1. Design System Naming Conventions (Hard to Fix "Later")

If you get naming wrong, you might pay for it forever.

Design system naming conventions are one of those decisions that may feel inconsequential at the start but become enormously impactful at scale. By the time you have 300 components and four product teams working in parallel, a loose or inconsistent naming schema creates consistent pain points: Tokens that don't map to code, component names don't match what engineers call them, and variants are duplicated because the original wasn't recognized.

The principle we keep coming back to: names should describe what a thing is, not what it looks like.

color/brand/primary ages well. color/purple-600 doesn't. Not once the brand refreshes. Not once you're theming for a white-label client.

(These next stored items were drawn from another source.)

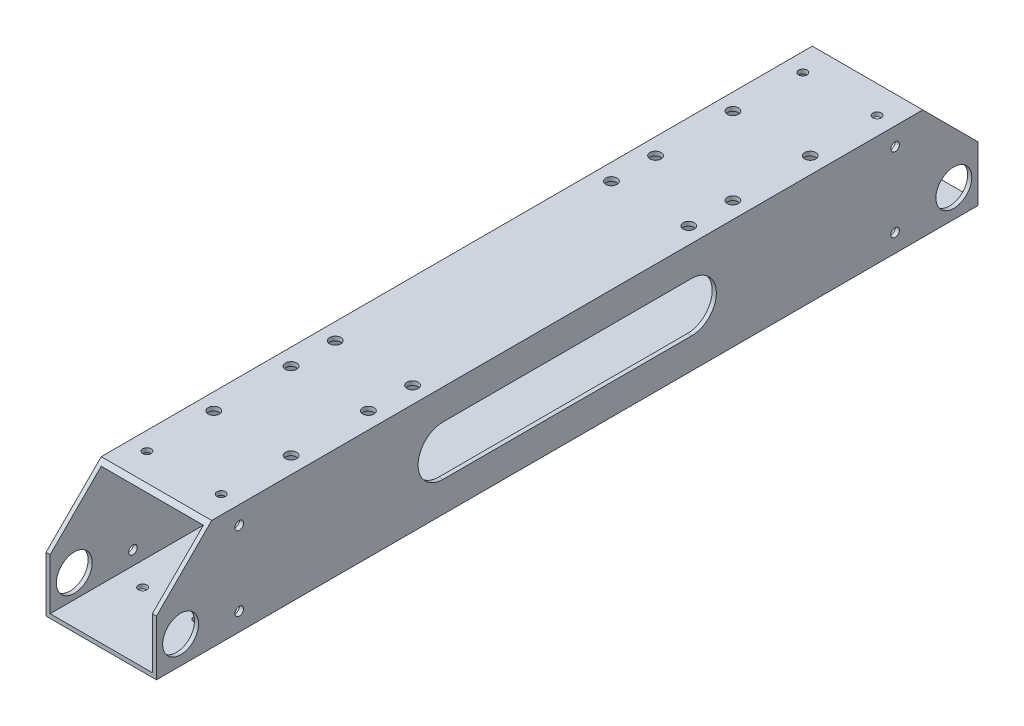
SolidWorks part; units mm, degrees
material "1060 合金"
ref_plane "前视基准面" through (0, 0, 0) normal (0, 0, 1) x (1, 0, 0)
ref_plane "上视基准面" through (0, 0, 0) normal (0, 1, 0) x (1, 0, 0)
ref_plane "右视基准面" through (0, 0, 0) normal (1, 0, 0) x (0, 0, -1)
other "Configuration Table"
sketch "草图1" plane through (0, 0, 0) normal (0, 0, 1) x (1, 0, 0)
  line L0 (-20, 20) -> (-20, -20)
  line L1 (-18.5, 18.5) -> (18.5, 18.5)
  line L2 (-18.5, 18.5) -> (-18.5, -18.5)
  line L3 (-18.5, -18.5) -> (18.5, -18.5)
  line L4 (18.5, 18.5) -> (18.5, -18.5)
  line L5 (-18.5, 18.5) -> (18.5, -18.5) construction
  line L6 (-18.5, -18.5) -> (18.5, 18.5) construction
  line L7 (-20, -20) -> (20, -20)
  line L8 (20, 20) -> (20, -20)
  line L9 (-20, 20) -> (20, 20)
  point P0 (0, 0)
  dimension "D1" = 1.5
  dimension "D2" = 40
extrude "凸台-拉伸1" add sketch "草图1" along normal mid plane 297.5
sketch "草图2" plane through (20, 0, 0) normal (1, 0, 0) x (0, 0, -1)
  line L0 (-140, -10) -> (140, -10) construction
  line L1 (-148.75, 0) -> (-128.75, 20)
  line L2 (0, 0) -> (0, -10) construction
  line L4 (-148.75, -20) -> (-148.75, 20) construction
  line L5 (-148.75, 20) -> (148.75, 20) construction
  line L6 (-128.75, 20) -> (-148.75, 20)
  line L7 (-148.75, 20) -> (-148.75, 0)
  line L11 (0, -7.5) -> (0, -50007.5) construction
  line L12 (-45, 0) -> (45, 0) construction
  line L13 (-45, 9) -> (45, 9)
  line L14 (-45, -9) -> (45, -9)
  line L15 (128.75, 20) -> (148.75, 20)
  line L16 (148.75, 0) -> (128.75, 20)
  line L17 (148.75, 20) -> (148.75, 0)
  circle A0 centre (-140, -10) radius 6.5
  circle A1 centre (140, -10) radius 6.5
  arc A2 (-45, 9) -> (-45, -9) centre (-45, 0) ccw
  arc A3 (45, -9) -> (45, 9) centre (45, 0) ccw
  point P25 (0, 0)
  dimension "D1" = 280
  dimension "D2" = 13
  dimension "D6" = 9
  dimension "D3" = 30
  dimension "D4" = 20
  dimension "D5" = 90
extrude "切除-拉伸1" cut sketch "草图2" against normal blind 45
sketch "草图3" plane through (0, 20, 0) normal (0, 1, 0) x (1, 0, 0)
  line L0 (20, -128.75) -> (20, 128.75) construction
  line L1 (-14, -50) -> (14, -50) construction
  line L2 (-14, -50) -> (-14, 50) construction
  line L3 (-14, 50) -> (14, 50) construction
  line L4 (14, -50) -> (14, 50) construction
  line L5 (-14, -50) -> (14, 50) construction
  line L6 (-14, 50) -> (14, -50) construction
  circle A0 centre (-14, 50) radius 2.025
  circle A1 centre (14, 50) radius 2.025
  circle A2 centre (14, -50) radius 2.025
  circle A3 centre (-14, -50) radius 2.025
  point P0 (0, 0)
  dimension "D1" = 4.05
  dimension "D2" = 6
  dimension "D3" = 100
extrude "切除-拉伸2" cut sketch "草图3" against normal blind 50
sketch "草图4" plane through (0, -20, 0) normal (0, -1, 0) x (1, 0, 0)
  circle A0 centre (-14, 50) radius 3.75
  circle A1 centre (14, 50) radius 3.75
  circle A2 centre (-14, -50) radius 3.75
  circle A3 centre (14, -50) radius 3.75
  dimension "D1" = 7.5
extrude "切除-拉伸3" cut sketch "草图4" against normal blind 3
sketch "草图5" plane through (0, 20, 0) normal (0, 1, 0) x (1, 0, 0)
  line L0 (0, 0) -> (0, -50000) construction
  line L2 (-14, 66) -> (14, 66) construction
  line L3 (-14, 66) -> (-14, 94) construction
  line L4 (-14, 94) -> (14, 94) construction
  line L5 (14, 66) -> (14, 94) construction
  line L6 (-14, 66) -> (14, 94) construction
  line L7 (-14, 94) -> (14, 66) construction
  circle A1 centre (-14, 94) radius 2.025
  circle A2 centre (14, 94) radius 2.025
  circle A3 centre (14, 66) radius 2.025
  circle A4 centre (-14, 66) radius 2.025
  point P3 (0, 80)
  dimension "D4" = 4.05
  dimension "D1" = 28
  dimension "D2" = 28
  dimension "D3" = 80
extrude "切除-拉伸4" cut sketch "草图5" against normal blind 60
sketch "草图6" plane through (0, -20, 0) normal (0, -1, 0) x (1, 0, 0)
  circle A0 centre (-14, -66) radius 3.75
  circle A1 centre (14, -66) radius 3.75
  circle A2 centre (-14, -94) radius 3.75
  circle A3 centre (14, -94) radius 3.75
  dimension "D1" = 7.5
extrude "切除-拉伸5" cut sketch "草图6" against normal blind 3
mirror "镜向1" about plane through (0, 0, 0) normal (0, 0, 1) of "切除-拉伸5", "切除-拉伸4"
sketch "草图7" plane through (-20, 0, 0) normal (-1, 0, 0) x (0, 0, 1)
  line L0 (-128.75, 20) -> (-128.75, -20) construction
  line L1 (148.75, -20) -> (-148.75, -20) construction
  line L2 (-122.75, 0) -> (49877.25, 0) construction
  line L3 (-118.75, 13.45) -> (-118.75, -13.45) construction
  line L4 (-148.75, 0) -> (-148.75, -20) construction
  circle A0 centre (-118.75, 13.45) radius 1.55
  circle A1 centre (-118.75, -13.45) radius 1.55
  point P7 (-128.75, 0)
  point P15 (-118.75, 0)
  dimension "D1" = 26.9
  dimension "D3" = 3.1
  dimension "D2" = 30
extrude "切除-拉伸6" cut sketch "草图7" against normal blind 55
sketch "草图8" plane through (0, 20, 0) normal (0, 1, 0) x (1, 0, 0)
  line L0 (-20, 118.75) -> (20, 118.75) construction
  line L1 (-20, -128.75) -> (-20, 128.75) construction
  line L2 (20, -128.75) -> (20, 128.75) construction
  line L3 (-18.5, 148.75) -> (18.5, 148.75) construction
  line L4 (0, 117.75) -> (0, -49882.25) construction
  circle A0 centre (-13.45, 118.75) radius 1.525
  circle A1 centre (13.45, 118.75) radius 1.525
  point P14 (0, 118.75)
  dimension "D2" = 26.9
  dimension "D3" = 3.05
  dimension "D1" = 30
extrude "切除-拉伸7" cut sketch "草图8" against normal blind 20
mirror "镜向2" about plane through (0, 0, 0) normal (0, 0, 1) of "切除-拉伸7", "切除-拉伸6"
sketch "草图9" plane through (0, -20, 0) normal (0, -1, 0) x (1, 0, 0)
  line L0 (0, 0) -> (0, -50000) construction
  line L1 (-10, -123.75) -> (10, -123.75) construction
  line L2 (-20, -148.75) -> (20, -148.75) construction
  line L3 (0, 0) -> (50000, 0) construction
  circle A0 centre (-10, -123.75) radius 1.525
  circle A1 centre (10, -123.75) radius 1.525
  circle A2 centre (10, 123.75) radius 1.525
  circle A3 centre (-10, 123.75) radius 1.525
  point P6 (0, -123.75)
  dimension "D1" = 3.05
  dimension "D2" = 20
  dimension "D3" = 25
extrude "切除-拉伸8" cut sketch "草图9" against normal blind 3

Here's a naming framework we've refined across multiple builds:

For tokens:

  • Use a three-tier structure: category/role/modifier
  • Example: color/feedback/error, spacing/layout/section, typography/heading/xl
  • Semantic names at the role tier, never raw values

For components:

  • The atoms, molecules, and organisms framework (popularized by Atomic Design) is useful for structuring a system, but it's internal scaffolding, not a naming convention. Don't ship component names like AtomButton or MoleculeCard. Name for the mental model: Button, Card, Toast.
  • Match names to the closest plain-English concept your teams already share
  • Dropdown over Select Menu, Tag over Chip, unless your engineering team already uses one convention, in which case defer to them
  • Variant naming should be consistent across components: if one component uses size: sm/md/lg, they all do

For states:

  • Align with ARIA and HTML standards where possible: disabled, active, focus, error, loading
  • Avoid inventing new state names when a standard one exists

One hard-won lesson from our enterprise work: when you're building a system that will serve multiple product lines, write a naming glossary before you design a single component. Getting alignment on what words mean in your organization is worth a full working session. What does "primary" mean? What's the difference between a "panel" and a "card"? Settle it early. On the Eptura design system project, where we were unifying components across more than ten products, this glossary step saved weeks of rework downstream.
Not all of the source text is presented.